**ABOUT THIS TASK:**
In the records below, find the line with "#66=ADVANCED_FACE('F417',(#62,#65),#51,.F.);" and the line with "#86=ADVANCED_FACE('F412',(#82,#85),#71,.T.);". Print both exactly, along with every line between them, and no other line.

**DATA:**
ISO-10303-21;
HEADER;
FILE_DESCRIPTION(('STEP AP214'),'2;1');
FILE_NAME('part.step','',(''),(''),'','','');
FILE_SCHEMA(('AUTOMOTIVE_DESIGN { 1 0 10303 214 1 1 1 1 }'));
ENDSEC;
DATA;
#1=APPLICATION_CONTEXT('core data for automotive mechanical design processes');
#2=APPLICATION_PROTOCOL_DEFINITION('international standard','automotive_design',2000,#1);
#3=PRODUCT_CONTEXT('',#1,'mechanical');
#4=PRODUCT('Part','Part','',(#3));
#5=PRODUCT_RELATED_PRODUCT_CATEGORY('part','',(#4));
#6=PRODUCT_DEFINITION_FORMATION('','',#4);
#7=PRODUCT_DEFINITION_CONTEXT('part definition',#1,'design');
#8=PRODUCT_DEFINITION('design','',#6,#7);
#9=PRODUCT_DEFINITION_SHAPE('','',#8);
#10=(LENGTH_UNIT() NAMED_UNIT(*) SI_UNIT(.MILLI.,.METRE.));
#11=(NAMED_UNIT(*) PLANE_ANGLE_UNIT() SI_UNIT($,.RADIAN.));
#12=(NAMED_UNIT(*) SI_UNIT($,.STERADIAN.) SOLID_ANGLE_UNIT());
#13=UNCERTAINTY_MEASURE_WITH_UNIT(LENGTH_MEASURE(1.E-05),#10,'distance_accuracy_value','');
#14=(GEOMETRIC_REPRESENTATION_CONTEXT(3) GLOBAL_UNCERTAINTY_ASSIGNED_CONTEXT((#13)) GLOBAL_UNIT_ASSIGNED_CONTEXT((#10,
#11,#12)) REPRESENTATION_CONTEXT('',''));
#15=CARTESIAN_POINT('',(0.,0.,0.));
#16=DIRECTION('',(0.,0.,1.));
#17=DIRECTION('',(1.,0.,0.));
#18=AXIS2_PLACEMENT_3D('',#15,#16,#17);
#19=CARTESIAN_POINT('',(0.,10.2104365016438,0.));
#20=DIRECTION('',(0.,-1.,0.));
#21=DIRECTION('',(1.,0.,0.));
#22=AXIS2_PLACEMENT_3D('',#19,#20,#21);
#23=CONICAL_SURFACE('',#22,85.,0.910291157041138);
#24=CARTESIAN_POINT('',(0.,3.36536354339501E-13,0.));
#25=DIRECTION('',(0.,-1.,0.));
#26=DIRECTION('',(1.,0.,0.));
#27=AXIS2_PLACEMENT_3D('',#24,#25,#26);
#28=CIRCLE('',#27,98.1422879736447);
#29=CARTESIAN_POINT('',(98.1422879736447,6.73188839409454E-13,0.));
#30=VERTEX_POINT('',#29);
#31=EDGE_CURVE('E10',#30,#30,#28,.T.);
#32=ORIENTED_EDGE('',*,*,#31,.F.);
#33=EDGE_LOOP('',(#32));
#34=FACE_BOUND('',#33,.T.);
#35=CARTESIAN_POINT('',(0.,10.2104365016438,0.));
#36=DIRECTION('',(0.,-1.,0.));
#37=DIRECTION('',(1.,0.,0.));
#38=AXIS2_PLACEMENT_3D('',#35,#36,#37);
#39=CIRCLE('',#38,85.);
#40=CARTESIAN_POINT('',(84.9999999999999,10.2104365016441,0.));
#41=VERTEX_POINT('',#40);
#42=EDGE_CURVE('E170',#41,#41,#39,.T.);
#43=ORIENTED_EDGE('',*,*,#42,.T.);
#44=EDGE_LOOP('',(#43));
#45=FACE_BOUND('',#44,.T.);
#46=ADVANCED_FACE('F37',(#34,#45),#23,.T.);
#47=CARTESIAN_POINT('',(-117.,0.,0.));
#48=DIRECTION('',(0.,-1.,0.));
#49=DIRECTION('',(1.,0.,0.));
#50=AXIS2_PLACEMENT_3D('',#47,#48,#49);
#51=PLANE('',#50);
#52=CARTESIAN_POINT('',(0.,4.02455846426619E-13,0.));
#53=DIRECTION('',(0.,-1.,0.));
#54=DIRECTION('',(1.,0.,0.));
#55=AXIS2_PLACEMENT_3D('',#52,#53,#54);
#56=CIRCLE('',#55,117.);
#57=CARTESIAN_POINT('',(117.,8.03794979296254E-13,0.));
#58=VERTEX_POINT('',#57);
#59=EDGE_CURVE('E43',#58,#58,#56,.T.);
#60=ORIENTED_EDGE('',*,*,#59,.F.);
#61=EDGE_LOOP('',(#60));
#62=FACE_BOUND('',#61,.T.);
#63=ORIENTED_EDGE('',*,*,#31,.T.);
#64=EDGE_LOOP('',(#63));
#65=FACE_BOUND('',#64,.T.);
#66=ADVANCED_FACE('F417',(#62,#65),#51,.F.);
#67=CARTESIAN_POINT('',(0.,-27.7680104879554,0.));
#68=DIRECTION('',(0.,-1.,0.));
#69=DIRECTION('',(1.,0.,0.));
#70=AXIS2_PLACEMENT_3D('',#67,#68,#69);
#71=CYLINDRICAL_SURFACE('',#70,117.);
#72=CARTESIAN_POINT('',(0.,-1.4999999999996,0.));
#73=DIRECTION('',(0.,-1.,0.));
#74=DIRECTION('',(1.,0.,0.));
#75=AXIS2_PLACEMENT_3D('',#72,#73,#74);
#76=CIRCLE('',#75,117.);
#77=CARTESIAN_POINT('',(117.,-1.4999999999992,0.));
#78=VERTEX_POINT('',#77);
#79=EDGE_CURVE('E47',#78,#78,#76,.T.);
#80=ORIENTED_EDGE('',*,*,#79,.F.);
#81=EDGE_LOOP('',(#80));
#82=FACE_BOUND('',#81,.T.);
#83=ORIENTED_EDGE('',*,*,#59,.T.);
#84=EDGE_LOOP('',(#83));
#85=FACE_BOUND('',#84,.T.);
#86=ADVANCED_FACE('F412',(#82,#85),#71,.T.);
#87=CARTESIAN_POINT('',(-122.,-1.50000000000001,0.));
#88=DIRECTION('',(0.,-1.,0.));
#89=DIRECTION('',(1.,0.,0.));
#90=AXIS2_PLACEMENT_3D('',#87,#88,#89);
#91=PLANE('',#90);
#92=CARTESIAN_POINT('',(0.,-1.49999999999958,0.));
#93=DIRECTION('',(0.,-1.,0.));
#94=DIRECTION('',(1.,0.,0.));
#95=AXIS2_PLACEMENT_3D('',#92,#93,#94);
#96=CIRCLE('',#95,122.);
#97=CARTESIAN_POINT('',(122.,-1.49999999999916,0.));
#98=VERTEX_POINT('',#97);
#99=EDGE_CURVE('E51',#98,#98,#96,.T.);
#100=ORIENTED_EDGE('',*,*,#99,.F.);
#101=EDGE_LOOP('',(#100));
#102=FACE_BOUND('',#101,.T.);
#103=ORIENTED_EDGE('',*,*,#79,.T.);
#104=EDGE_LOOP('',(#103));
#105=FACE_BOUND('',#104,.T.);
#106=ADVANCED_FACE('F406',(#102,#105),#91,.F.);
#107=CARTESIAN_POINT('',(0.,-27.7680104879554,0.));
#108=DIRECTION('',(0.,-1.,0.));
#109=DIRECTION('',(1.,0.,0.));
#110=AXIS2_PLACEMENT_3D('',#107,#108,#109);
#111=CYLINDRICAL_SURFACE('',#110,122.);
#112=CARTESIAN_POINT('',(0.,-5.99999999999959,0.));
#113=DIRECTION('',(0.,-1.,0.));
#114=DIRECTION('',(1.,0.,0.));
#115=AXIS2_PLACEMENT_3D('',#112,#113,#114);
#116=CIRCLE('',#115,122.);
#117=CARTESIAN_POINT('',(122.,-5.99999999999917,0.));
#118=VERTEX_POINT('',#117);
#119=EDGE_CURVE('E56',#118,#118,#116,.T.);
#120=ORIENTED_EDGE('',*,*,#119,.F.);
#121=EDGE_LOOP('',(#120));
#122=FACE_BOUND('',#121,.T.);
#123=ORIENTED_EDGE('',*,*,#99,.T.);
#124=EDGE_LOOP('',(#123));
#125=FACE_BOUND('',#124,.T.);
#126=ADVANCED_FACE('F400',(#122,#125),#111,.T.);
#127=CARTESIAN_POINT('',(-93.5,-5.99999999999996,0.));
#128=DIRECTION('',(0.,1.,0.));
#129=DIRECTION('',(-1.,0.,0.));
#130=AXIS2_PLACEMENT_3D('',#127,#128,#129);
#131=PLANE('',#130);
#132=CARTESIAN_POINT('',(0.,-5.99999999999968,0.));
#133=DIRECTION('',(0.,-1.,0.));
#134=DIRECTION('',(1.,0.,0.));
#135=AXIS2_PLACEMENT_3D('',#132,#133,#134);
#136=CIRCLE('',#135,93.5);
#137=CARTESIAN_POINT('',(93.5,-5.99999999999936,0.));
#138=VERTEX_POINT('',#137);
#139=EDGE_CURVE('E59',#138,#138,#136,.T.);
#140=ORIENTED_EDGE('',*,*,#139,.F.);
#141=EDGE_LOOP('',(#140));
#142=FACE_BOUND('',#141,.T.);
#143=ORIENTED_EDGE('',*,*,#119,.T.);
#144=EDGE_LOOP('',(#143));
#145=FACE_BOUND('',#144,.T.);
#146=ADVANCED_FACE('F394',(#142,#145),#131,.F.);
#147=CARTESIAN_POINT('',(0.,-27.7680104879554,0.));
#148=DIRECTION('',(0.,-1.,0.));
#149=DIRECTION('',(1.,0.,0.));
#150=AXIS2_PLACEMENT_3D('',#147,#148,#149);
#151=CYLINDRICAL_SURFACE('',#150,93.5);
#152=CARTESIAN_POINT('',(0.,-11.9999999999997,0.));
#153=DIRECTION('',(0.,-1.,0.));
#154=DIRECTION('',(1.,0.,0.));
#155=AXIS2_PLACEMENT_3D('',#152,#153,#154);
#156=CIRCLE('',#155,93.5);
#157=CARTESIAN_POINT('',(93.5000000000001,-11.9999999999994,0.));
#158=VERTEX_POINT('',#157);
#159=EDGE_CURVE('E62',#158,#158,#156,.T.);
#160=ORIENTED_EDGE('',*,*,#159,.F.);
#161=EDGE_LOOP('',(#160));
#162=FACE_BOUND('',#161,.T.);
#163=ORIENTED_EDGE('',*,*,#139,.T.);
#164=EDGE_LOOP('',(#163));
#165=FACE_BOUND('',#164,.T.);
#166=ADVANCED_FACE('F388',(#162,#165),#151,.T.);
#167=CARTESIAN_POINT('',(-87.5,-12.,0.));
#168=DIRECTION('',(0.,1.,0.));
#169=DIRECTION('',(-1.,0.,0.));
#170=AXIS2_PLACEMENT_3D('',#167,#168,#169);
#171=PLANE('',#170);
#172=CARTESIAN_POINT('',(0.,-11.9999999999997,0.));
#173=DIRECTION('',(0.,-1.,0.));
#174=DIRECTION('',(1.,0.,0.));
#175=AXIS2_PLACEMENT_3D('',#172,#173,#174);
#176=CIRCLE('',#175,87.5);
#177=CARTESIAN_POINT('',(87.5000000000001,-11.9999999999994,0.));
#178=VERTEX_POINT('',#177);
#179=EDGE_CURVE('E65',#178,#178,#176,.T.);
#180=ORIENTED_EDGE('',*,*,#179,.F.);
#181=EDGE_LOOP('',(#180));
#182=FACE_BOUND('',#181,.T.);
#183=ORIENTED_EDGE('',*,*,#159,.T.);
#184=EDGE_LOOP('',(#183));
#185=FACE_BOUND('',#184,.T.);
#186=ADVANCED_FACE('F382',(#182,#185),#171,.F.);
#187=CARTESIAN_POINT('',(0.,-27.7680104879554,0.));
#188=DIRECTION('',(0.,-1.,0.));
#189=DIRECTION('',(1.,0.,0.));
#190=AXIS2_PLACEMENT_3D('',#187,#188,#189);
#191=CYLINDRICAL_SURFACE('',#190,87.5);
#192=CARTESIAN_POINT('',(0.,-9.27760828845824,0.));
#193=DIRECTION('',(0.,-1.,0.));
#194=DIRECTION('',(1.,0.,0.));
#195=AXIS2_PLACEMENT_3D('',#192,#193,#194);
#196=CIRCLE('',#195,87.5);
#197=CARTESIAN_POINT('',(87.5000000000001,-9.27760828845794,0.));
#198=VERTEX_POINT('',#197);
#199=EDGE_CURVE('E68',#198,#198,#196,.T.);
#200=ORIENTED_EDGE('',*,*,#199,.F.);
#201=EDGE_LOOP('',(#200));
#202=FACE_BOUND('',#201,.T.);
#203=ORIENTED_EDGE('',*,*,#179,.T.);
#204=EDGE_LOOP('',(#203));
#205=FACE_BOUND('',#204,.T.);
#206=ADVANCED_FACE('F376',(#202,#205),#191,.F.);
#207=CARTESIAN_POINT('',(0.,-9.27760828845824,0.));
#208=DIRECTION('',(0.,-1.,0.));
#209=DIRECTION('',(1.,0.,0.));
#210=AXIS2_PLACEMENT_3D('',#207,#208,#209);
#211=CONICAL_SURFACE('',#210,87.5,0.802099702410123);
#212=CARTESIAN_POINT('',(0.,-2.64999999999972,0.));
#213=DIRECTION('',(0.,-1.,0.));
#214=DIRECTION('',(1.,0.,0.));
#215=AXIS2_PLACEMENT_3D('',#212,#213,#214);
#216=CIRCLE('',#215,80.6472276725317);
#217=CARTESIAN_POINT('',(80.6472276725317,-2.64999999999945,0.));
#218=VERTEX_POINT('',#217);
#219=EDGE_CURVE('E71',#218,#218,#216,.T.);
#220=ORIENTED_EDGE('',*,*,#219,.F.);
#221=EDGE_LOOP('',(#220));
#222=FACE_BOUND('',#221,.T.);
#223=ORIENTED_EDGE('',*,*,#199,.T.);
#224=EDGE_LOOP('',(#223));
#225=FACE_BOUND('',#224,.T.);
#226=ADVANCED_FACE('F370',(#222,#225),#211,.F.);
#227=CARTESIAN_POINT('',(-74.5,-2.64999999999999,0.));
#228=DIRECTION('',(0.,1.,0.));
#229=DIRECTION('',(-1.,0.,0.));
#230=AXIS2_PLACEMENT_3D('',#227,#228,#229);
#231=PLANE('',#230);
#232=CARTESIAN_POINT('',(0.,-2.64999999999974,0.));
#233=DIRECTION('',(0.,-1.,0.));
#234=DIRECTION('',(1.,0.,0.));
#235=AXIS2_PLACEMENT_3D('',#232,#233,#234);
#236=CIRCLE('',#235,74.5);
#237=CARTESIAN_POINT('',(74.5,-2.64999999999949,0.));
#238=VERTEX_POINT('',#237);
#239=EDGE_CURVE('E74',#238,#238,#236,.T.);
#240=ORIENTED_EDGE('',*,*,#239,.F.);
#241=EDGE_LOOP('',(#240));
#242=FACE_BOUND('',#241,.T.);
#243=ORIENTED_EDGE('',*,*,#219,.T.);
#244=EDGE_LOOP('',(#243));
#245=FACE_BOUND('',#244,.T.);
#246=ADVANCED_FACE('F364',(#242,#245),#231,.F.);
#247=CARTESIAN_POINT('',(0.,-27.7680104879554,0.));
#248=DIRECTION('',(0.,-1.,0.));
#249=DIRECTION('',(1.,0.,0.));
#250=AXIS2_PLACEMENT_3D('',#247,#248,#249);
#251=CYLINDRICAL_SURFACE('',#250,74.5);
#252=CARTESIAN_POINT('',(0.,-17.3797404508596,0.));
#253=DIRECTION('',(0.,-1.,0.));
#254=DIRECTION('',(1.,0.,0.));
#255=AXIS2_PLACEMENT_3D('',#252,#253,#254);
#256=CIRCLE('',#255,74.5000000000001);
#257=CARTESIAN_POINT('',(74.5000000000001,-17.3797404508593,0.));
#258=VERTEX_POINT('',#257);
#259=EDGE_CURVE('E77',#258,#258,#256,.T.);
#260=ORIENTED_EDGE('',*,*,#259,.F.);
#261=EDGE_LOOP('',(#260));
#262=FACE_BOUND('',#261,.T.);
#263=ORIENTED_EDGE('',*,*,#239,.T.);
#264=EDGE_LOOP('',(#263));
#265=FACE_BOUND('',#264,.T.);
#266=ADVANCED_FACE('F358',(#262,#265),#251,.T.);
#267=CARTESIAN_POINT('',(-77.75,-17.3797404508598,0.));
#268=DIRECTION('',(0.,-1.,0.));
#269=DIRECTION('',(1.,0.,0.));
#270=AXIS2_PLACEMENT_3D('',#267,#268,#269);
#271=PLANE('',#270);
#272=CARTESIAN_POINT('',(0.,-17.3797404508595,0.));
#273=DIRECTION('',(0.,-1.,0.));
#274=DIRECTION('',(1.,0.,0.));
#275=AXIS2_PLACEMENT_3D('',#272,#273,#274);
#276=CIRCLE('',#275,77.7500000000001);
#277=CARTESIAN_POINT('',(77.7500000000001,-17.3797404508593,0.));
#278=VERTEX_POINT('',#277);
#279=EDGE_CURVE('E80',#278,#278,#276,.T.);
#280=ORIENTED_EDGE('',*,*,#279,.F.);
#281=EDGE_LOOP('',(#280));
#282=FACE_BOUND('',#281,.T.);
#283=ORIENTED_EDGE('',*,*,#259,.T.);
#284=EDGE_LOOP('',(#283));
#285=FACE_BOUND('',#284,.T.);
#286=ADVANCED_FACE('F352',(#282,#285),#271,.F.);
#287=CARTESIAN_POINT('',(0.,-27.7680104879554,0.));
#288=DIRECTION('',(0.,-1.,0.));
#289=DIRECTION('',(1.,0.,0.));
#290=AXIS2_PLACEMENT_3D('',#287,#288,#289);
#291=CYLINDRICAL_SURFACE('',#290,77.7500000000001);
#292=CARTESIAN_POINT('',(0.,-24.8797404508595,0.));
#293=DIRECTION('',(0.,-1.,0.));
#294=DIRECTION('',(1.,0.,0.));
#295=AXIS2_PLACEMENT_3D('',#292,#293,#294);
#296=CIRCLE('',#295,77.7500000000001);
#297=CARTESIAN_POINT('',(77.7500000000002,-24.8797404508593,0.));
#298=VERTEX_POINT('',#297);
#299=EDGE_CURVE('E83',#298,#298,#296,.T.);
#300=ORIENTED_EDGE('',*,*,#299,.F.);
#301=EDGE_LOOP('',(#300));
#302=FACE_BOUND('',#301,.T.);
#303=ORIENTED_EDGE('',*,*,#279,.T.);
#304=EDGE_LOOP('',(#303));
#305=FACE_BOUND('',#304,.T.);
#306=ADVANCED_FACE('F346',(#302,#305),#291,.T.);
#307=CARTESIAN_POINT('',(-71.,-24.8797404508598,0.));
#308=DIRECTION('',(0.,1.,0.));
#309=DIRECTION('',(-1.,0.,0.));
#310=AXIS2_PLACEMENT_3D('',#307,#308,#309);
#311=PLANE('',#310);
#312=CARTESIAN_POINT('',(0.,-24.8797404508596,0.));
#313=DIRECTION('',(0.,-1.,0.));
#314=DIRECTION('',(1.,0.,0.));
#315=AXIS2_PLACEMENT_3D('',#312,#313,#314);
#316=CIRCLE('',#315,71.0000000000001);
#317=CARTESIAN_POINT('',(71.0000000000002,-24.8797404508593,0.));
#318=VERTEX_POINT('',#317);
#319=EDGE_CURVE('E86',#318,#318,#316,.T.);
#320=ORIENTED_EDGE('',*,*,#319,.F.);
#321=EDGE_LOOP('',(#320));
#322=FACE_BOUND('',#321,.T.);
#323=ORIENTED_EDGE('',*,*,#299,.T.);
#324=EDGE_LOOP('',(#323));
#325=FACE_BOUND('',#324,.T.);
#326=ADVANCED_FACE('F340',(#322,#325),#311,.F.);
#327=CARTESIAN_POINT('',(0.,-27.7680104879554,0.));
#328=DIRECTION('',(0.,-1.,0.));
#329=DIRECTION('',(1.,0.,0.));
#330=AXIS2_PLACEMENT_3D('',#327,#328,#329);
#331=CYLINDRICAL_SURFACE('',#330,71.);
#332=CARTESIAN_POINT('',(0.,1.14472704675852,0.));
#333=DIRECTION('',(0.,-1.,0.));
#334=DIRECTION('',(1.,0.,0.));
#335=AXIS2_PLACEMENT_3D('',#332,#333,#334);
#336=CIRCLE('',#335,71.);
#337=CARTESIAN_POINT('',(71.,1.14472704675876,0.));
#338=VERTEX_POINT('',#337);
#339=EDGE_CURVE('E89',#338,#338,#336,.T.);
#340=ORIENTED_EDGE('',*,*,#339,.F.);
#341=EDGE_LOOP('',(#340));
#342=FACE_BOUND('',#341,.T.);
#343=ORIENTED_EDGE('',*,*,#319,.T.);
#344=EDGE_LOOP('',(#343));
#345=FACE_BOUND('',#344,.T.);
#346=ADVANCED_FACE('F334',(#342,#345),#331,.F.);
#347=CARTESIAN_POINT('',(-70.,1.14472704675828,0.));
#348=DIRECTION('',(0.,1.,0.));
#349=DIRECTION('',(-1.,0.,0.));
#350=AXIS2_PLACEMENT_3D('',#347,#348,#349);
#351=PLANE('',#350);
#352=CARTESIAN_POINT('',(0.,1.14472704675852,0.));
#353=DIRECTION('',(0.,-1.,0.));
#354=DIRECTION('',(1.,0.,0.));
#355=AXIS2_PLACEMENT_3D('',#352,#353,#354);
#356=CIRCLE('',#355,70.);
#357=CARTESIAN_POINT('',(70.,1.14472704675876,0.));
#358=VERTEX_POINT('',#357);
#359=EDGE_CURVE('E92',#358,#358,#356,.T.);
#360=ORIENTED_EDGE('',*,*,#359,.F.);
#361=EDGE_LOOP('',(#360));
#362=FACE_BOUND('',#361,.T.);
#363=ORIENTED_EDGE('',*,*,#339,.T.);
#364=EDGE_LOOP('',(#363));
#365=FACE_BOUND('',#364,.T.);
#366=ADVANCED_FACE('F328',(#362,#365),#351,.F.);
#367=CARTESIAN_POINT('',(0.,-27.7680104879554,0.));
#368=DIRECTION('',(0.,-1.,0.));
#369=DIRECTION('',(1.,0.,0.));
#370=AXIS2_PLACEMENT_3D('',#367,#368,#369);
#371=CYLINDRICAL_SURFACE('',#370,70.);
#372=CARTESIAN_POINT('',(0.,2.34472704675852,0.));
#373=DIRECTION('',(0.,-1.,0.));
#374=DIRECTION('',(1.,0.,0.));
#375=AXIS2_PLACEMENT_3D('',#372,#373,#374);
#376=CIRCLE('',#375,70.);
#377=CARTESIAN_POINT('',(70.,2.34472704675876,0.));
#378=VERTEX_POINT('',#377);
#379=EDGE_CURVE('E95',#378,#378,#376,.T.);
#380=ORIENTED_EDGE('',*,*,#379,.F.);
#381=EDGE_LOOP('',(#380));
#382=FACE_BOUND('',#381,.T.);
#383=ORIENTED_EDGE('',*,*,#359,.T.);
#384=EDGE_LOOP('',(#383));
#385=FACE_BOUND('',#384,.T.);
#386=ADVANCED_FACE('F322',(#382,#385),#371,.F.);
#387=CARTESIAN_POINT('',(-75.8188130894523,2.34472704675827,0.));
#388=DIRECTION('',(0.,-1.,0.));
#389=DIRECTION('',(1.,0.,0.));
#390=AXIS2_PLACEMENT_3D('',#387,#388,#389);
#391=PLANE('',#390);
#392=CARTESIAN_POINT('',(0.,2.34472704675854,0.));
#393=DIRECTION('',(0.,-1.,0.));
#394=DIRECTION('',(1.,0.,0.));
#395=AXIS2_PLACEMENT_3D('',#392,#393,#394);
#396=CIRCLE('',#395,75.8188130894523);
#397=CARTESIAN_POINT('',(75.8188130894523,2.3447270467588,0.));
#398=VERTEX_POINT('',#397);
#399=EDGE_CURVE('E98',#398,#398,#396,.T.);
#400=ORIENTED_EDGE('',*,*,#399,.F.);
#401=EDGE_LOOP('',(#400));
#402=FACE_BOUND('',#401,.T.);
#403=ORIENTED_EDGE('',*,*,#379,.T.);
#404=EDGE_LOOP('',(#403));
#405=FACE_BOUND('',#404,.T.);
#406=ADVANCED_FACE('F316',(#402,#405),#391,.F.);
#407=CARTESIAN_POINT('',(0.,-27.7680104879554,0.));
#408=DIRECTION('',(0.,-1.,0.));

**EXERCISE OUTPUT:**
#66=ADVANCED_FACE('F417',(#62,#65),#51,.F.);
#67=CARTESIAN_POINT('',(0.,-27.7680104879554,0.));
#68=DIRECTION('',(0.,-1.,0.));
#69=DIRECTION('',(1.,0.,0.));
#70=AXIS2_PLACEMENT_3D('',#67,#68,#69);
#71=CYLINDRICAL_SURFACE('',#70,117.);
#72=CARTESIAN_POINT('',(0.,-1.4999999999996,0.));
#73=DIRECTION('',(0.,-1.,0.));
#74=DIRECTION('',(1.,0.,0.));
#75=AXIS2_PLACEMENT_3D('',#72,#73,#74);
#76=CIRCLE('',#75,117.);
#77=CARTESIAN_POINT('',(117.,-1.4999999999992,0.));
#78=VERTEX_POINT('',#77);
#79=EDGE_CURVE('E47',#78,#78,#76,.T.);
#80=ORIENTED_EDGE('',*,*,#79,.F.);
#81=EDGE_LOOP('',(#80));
#82=FACE_BOUND('',#81,.T.);
#83=ORIENTED_EDGE('',*,*,#59,.T.);
#84=EDGE_LOOP('',(#83));
#85=FACE_BOUND('',#84,.T.);
#86=ADVANCED_FACE('F412',(#82,#85),#71,.T.);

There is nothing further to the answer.